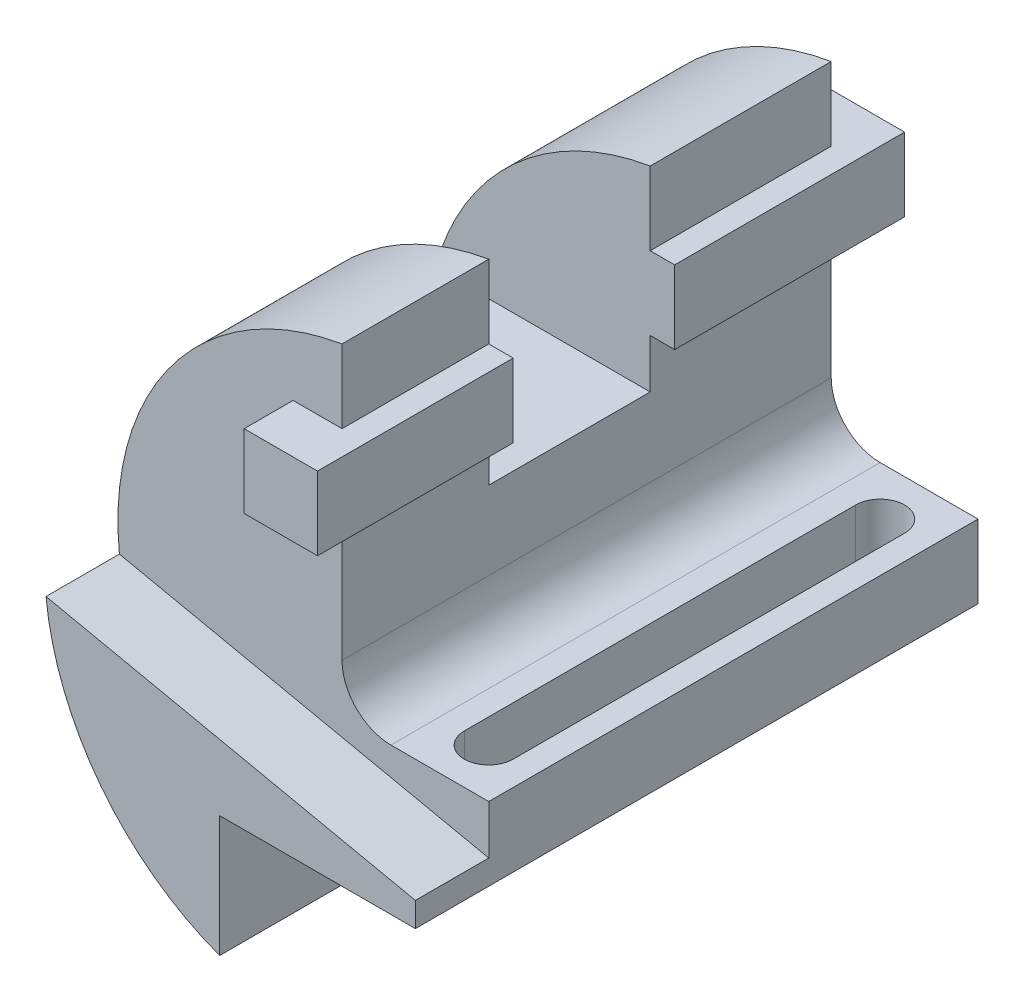
from build123d import *

# Parameters (mm, degrees)
BOSS_EXTRUDE1_DEPTH      = 100
BOSS_EXTRUDE2_START      = 15
BOSS_EXTRUDE2_DEPTH      = 15
CUT_EXTRUDE1_DEPTH       = 15
SKETCH4_W                = 33
SKETCH4_H                = 40
CUT_EXTRUDE2_DEPTH       = 137.596313355
BOSS_EXTRUDE3_DEPTH      = 5
BOSS_EXTRUDE3_DEPTH_BACK = 10
SKETCH5_W                = 47
SKETCH5_H                = 15
BOSS_EXTRUDE4_DEPTH      = 5
BOSS_EXTRUDE4_DEPTH_BACK = 10
SKETCH6_W                = 40
SKETCH6_H                = 15


with BuildPart() as part:
    # Sketch1 → Boss-Extrude1 (new body)
    with BuildSketch(Plane.XY):
        with BuildLine():
            Line((0, 0), (-40, 0))
            Line((-40, 0), (-40, -24.764457872))
            ThreePointArc((-40, -24.764457872), (-75.554844009, 31.952220257), (-30, 81))
            Line((-30, 81), (-30, 25))
            ThreePointArc((-30, 25), (-27.071067812, 17.928932188), (-20, 15))
            Line((-20, 15), (0, 15))
            Line((0, 15), (0, 0))
        make_face()
    extrude(amount=-BOSS_EXTRUDE1_DEPTH)

    # Sketch2 → Boss-Extrude2 (add)
    with BuildSketch(Plane.XY.offset(BOSS_EXTRUDE2_START)):
        with BuildLine():
            Line((0, 0), (0, 5))
            Line((0, 5), (-75.500062866, 21.048033769))
            ThreePointArc((-75.500062866, 21.048033769), (-64.273998003, -6.913628491), (-40, -24.764457872))
            Line((-40, -24.764457872), (-40, 0))
            Line((-40, 0), (0, 0))
        make_face()
    extrude(amount=-BOSS_EXTRUDE2_DEPTH)

    # Sketch3 → Cut-Extrude1 (cut)
    with BuildSketch(Plane(origin=(0, 15, 0), x_dir=(1, 0, 0), z_dir=(0, 1, 0))):
        with BuildLine():
            Line((-5, 90), (-5, 10))
            ThreePointArc((-5, 10), (-10, 5), (-15, 10))
            Line((-15, 10), (-15, 90))
            ThreePointArc((-15, 90), (-10, 95), (-5, 90))
        make_face()
    extrude(amount=-CUT_EXTRUDE1_DEPTH, mode=Mode.SUBTRACT)

    # Sketch4 → Cut-Extrude2 (cut, through all)
    with BuildSketch(Plane(origin=(-30, 0, 0), x_dir=(0, 0, -1), z_dir=(1, 0, 0))):
        with Locations((46.5, 61)):
            Rectangle(SKETCH4_W, SKETCH4_H)
    extrude(amount=-CUT_EXTRUDE2_DEPTH, mode=Mode.SUBTRACT)

    # Sketch5 → Boss-Extrude3 (add, two sides: drawn at the far end of the back side and taken through both)
    with BuildSketch(Plane(origin=(-30, 0, 0), x_dir=(0, 0, -1), z_dir=(1, 0, 0)).offset(-BOSS_EXTRUDE3_DEPTH_BACK)):
        with Locations((86.5, 58.5)):
            Rectangle(SKETCH5_W, SKETCH5_H)
    extrude(amount=BOSS_EXTRUDE3_DEPTH + BOSS_EXTRUDE3_DEPTH_BACK)

    # Sketch6 → Boss-Extrude4 (add, two sides: drawn at the far end of the back side and taken through both)
    with BuildSketch(Plane(origin=(-30, 0, 0), x_dir=(0, 0, -1), z_dir=(1, 0, 0)).offset(-BOSS_EXTRUDE4_DEPTH_BACK)):
        with Locations((10, 58.5)):
            Rectangle(SKETCH6_W, SKETCH6_H)
    extrude(amount=BOSS_EXTRUDE4_DEPTH + BOSS_EXTRUDE4_DEPTH_BACK)


solid = part.part
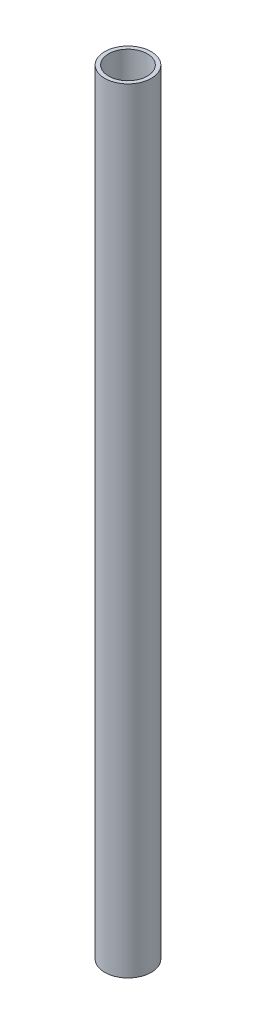
from build123d import *

# Parameters (mm, degrees)
SKETCH1_R           = 15
SKETCH1_R_2         = 12.5
BOSS_EXTRUDE1_DEPTH = 500


with BuildPart() as part:
    # Sketch1 → Boss-Extrude1 (new body)
    with BuildSketch(Plane(origin=(0, 0, 0), x_dir=(1, 0, 0), z_dir=(0, 1, 0))):
        with Locations(Location((0, 0, 0), (0, 0, 270))):
            Circle(SKETCH1_R)
        with Locations(Location((0, 0, 0), (0, 0, 270))):
            Circle(SKETCH1_R_2, mode=Mode.SUBTRACT)
    extrude(amount=BOSS_EXTRUDE1_DEPTH)


solid = part.part
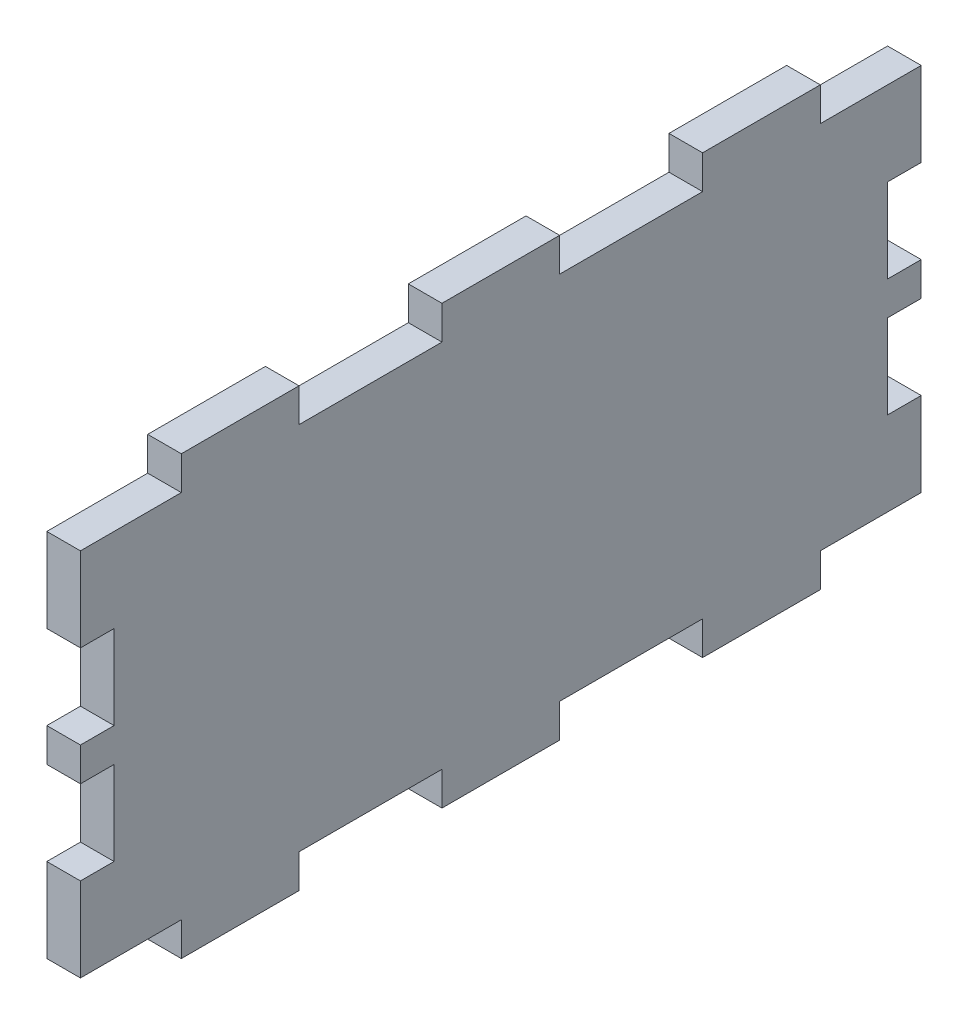
from build123d import *

# Parameters (mm, degrees)
BOSS_EXTRUDE1_DEPTH = 2


with BuildPart() as part:
    # Sketch1 → Boss-Extrude1 (new body)
    with BuildSketch(Plane(origin=(0, 0, 0), x_dir=(0, 0, -1), z_dir=(1, 0, 0))):
        Polygon((-19, 11), (-25, 11), (-25, 6), (-23, 6), (-23, 1), (-25, 1), (-25, -1), (-23, -1), (-23, -6), (-25, -6), (-25, -11), (-19, -11), (-19, -13), (-12, -13), (-12, -11), (-3.5, -11), (-3.5, -13), (3.5, -13), (3.5, -11), (12, -11), (12, -13), (19, -13), (19, -11), (25, -11), (25, -6), (23, -6), (23, -1), (25, -1), (25, 1), (23, 1), (23, 6), (25, 6), (25, 11), (19, 11), (19, 13), (12, 13), (12, 11), (3.5, 11), (3.5, 13), (-3.5, 13), (-3.5, 11), (-12, 11), (-12, 13), (-19, 13), align=None)
    extrude(amount=BOSS_EXTRUDE1_DEPTH)


solid = part.part
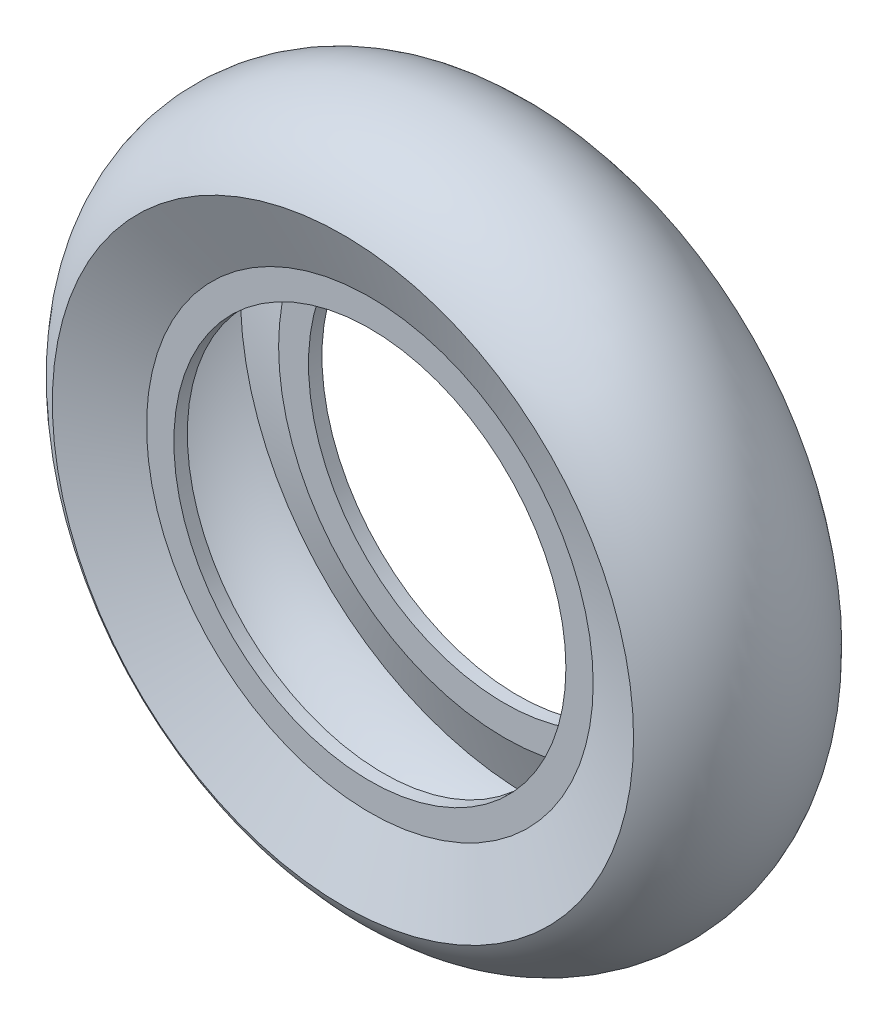
from build123d import *

# Parameters (mm, degrees)
SKETCH2_W           = 152.4
SKETCH2_H           = 12.7
CUT_EXTRUDE1_DEPTH  = 274.838219081
BOSS_EXTRUDE1_DEPTH = 2.54


with BuildPart() as part:
    # Sketch1 → Revolve-Thin1 (revolve)
    with BuildSketch(Plane(origin=(-82.316045308, -44.525823755, 136.652772686), x_dir=(0, 0, -1), z_dir=(1, 0, 0)), mode=Mode.PRIVATE) as revolve_thin1_sk:
        with BuildLine():
            Line((0, 46.228), (0, 52.664128902))
            Line((0, 52.664128902), (6.35, 68.539128902))
            ThreePointArc((6.35, 68.539128902), (-17.4625, 82.55), (-41.275, 68.539128902))
            Line((-41.275, 68.539128902), (-34.925, 52.664128902))
            Line((-34.925, 52.664128902), (-34.925, 46.228))
            Line((-34.925, 46.228), (-31.75, 46.228))
            Line((-31.75, 46.228), (-31.75, 53.275578033))
            Line((-31.75, 53.275578033), (-37.744847392, 68.262696512))
            ThreePointArc((-37.744847392, 68.262696512), (-17.4625, 79.375), (2.819847392, 68.262696512))
            Line((2.819847392, 68.262696512), (-3.175, 53.275578033))
            Line((-3.175, 53.275578033), (-3.175, 46.228))
            Line((-3.175, 46.228), (0, 46.228))
        make_face()
    revolve(revolve_thin1_sk.sketch.rotate(Axis((-82.316045308, -44.525823755, 136.652772686), (0, 0, -1)), 90), axis=Axis((-82.316045308, -44.525823755, 136.652772686), (0, 0, -1)))

    # Sketch2 → Cut-Extrude1 (cut, through all)
    with BuildSketch(Plane(origin=(0, 0, 0), x_dir=(-1, 0, 0), z_dir=(0, 0, -1))):
        with Locations((82.316045308, -127.075823755)):
            Rectangle(SKETCH2_W, SKETCH2_H)
    extrude(amount=-CUT_EXTRUDE1_DEPTH, mode=Mode.SUBTRACT)

    # Sketch3 → Boss-Extrude1 (add)
    with BuildSketch(Plane.XZ.offset(120.725823755)):
        with BuildLine():
            add(Edge.make_bspline(
                [(-82.316045308, 136.632769383), (-80.661779953, 136.632769383), (-79.018426178, 136.696617525), (-75.753750046, 136.953228692), (-74.132419264, 137.145942414), (-70.914189749, 137.674331832), (-69.317248873, 138.009760922), (-66.944103021, 138.643188933), (-66.156790627, 138.876193783), (-64.590743344, 139.392393986), (-63.810418853, 139.676195716), (-61.495152887, 140.612403105), (-60.004353244, 141.339644306), (-57.876117616, 142.641683832), (-57.184932498, 143.111926193), (-55.871981629, 144.119526956), (-55.247020036, 144.658550318), (-54.366285683, 145.530467857), (-54.082200293, 145.831717046), (-53.535305741, 146.457995837), (-53.271428052, 146.784557651), (-52.526928605, 147.78992469), (-52.091500212, 148.49496161), (-51.545343753, 149.613633677), (-51.380998344, 149.997335703), (-51.093109198, 150.785173958), (-50.971886645, 151.182858116), (-50.6772264, 152.387345089), (-50.572307131, 153.20550138), (-50.56331945, 154.457324185), (-50.585674892, 154.878788701), (-50.678788146, 155.705499652), (-50.749403526, 156.113885432), (-50.936614465, 156.921159097), (-51.053215797, 157.320045789), (-51.331168652, 158.108575352), (-51.492416964, 158.49711249), (-52.028836589, 159.625424136), (-52.459139879, 160.336721606), (-53.197655213, 161.351293107), (-53.458490079, 161.679191241), (-54.00031547, 162.309079357), (-54.282205107, 162.612311946), (-55.15736035, 163.490550296), (-55.779946093, 164.034273952), (-57.0907779, 165.051667258), (-57.781969063, 165.526598562), (-59.897592995, 166.834003306), (-61.375219748, 167.561796198), (-63.664054526, 168.498583435), (-64.439302551, 168.78452103), (-66.011673031, 169.309591721), (-66.809423716, 169.548712065), (-69.204393185, 170.195457467), (-70.812917358, 170.536650611), (-74.049152435, 171.073704417), (-75.676902704, 171.269266904), (-78.949559869, 171.530436691), (-80.594476489, 171.595970337), (-83.07447866, 171.598624054), (-83.903724268, 171.583377391), (-85.553158619, 171.520730932), (-86.374990756, 171.473360766), (-88.831698363, 171.282365893), (-90.457863986, 171.09029596), (-93.684431119, 170.562852996), (-95.284875678, 170.22771941), (-97.662126664, 169.594777231), (-98.450614593, 169.361942568), (-100.018584998, 168.846183822), (-100.799128259, 168.562872472), (-103.118100295, 167.626921106), (-104.610944852, 166.899823201), (-106.74157725, 165.598333674), (-107.434275388, 165.127791618), (-108.749709793, 164.119700738), (-109.375635243, 163.580536155), (-110.257448771, 162.708741082), (-110.54183309, 162.407589308), (-111.08921955, 161.78166568), (-111.353308531, 161.455392707), (-112.100242992, 160.448294519), (-112.536699028, 159.742436583), (-113.083849526, 158.623397679), (-113.248227056, 158.240295808), (-113.536953336, 157.451663588), (-113.658884833, 157.052425771), (-113.954571193, 155.845695868), (-114.059637057, 155.026722903), (-114.068826026, 153.774909594), (-114.046509087, 153.352616816), (-113.953228974, 152.524361985), (-113.882459403, 152.115385732), (-113.69491373, 151.30725469), (-113.578131478, 150.908101213), (-113.299889356, 150.119332027), (-113.138234439, 149.730072319), (-112.60061763, 148.600247577), (-112.169523758, 147.888458947), (-111.430116427, 146.873651319), (-111.168554513, 146.545150439), (-110.625532038, 145.914552851), (-110.343070249, 145.61105547), (-109.466302876, 144.732228321), (-108.842782777, 144.188383046), (-107.530438804, 143.171070392), (-106.838247133, 142.696021357), (-104.718483167, 141.387836901), (-103.238630723, 140.660192672), (-100.94719851, 139.723989723), (-100.171207934, 139.438314111), (-98.597589133, 138.913848696), (-97.798626609, 138.674842602), (-95.398611691, 138.028255524), (-93.786206575, 137.687279611), (-90.541337171, 137.151108191), (-88.908832462, 136.956206441), (-86.446597714, 136.761803146), (-85.623590372, 136.713444275), (-84.38575626, 136.665056639), (-83.972590179, 136.6529588), (-83.145150064, 136.636815189), (-82.729611646, 136.632769383), (-82.316045308, 136.632769383)],
                knots=[0, 0, 0, 0, 0.03125, 0.03125, 0.0625, 0.0625, 0.09375, 0.09375, 0.109375, 0.109375, 0.125, 0.125, 0.15625, 0.15625, 0.171875, 0.171875, 0.1875, 0.1875, 0.1953125, 0.1953125, 0.203125, 0.203125, 0.21875, 0.21875, 0.2265625, 0.2265625, 0.234375, 0.234375, 0.25, 0.25, 0.2578125, 0.2578125, 0.265625, 0.265625, 0.2734375, 0.2734375, 0.28125, 0.28125, 0.296875, 0.296875, 0.3046875, 0.3046875, 0.3125, 0.3125, 0.328125, 0.328125, 0.34375, 0.34375, 0.375, 0.375, 0.390625, 0.390625, 0.40625, 0.40625, 0.4375, 0.4375, 0.46875, 0.46875, 0.5, 0.5, 0.515625, 0.515625, 0.53125, 0.53125, 0.5625, 0.5625, 0.59375, 0.59375, 0.609375, 0.609375, 0.625, 0.625, 0.65625, 0.65625, 0.671875, 0.671875, 0.6875, 0.6875, 0.6953125, 0.6953125, 0.703125, 0.703125, 0.71875, 0.71875, 0.7265625, 0.7265625, 0.734375, 0.734375, 0.75, 0.75, 0.7578125, 0.7578125, 0.765625, 0.765625, 0.7734375, 0.7734375, 0.78125, 0.78125, 0.796875, 0.796875, 0.8046875, 0.8046875, 0.8125, 0.8125, 0.828125, 0.828125, 0.84375, 0.84375, 0.875, 0.875, 0.890625, 0.890625, 0.90625, 0.90625, 0.9375, 0.9375, 0.96875, 0.96875, 0.984375, 0.984375, 0.9921875, 0.9921875, 1, 1, 1, 1], degree=3))
        make_face()
    extrude(amount=-BOSS_EXTRUDE1_DEPTH)


solid = part.part

# # #

Aim of the task —
Look through the material above and print exactly the lines from the one containing "# Sketch5 →" to the one containing "extrude(amount=BOSS_EXTRUDE3_DEPTH + BOSS_EXTRUDE3_DEPTH_BACK)", both included, and nothing more.

Answer to this problem —
    # Sketch5 → Boss-Extrude3 (add, two sides: drawn at the far end of the back side and taken through both)
    with BuildSketch(Plane(origin=(-30, 0, 0), x_dir=(0, 0, -1), z_dir=(1, 0, 0)).offset(-BOSS_EXTRUDE3_DEPTH_BACK)):
        with Locations((86.5, 58.5)):
            Rectangle(SKETCH5_W, SKETCH5_H)
    extrude(amount=BOSS_EXTRUDE3_DEPTH + BOSS_EXTRUDE3_DEPTH_BACK)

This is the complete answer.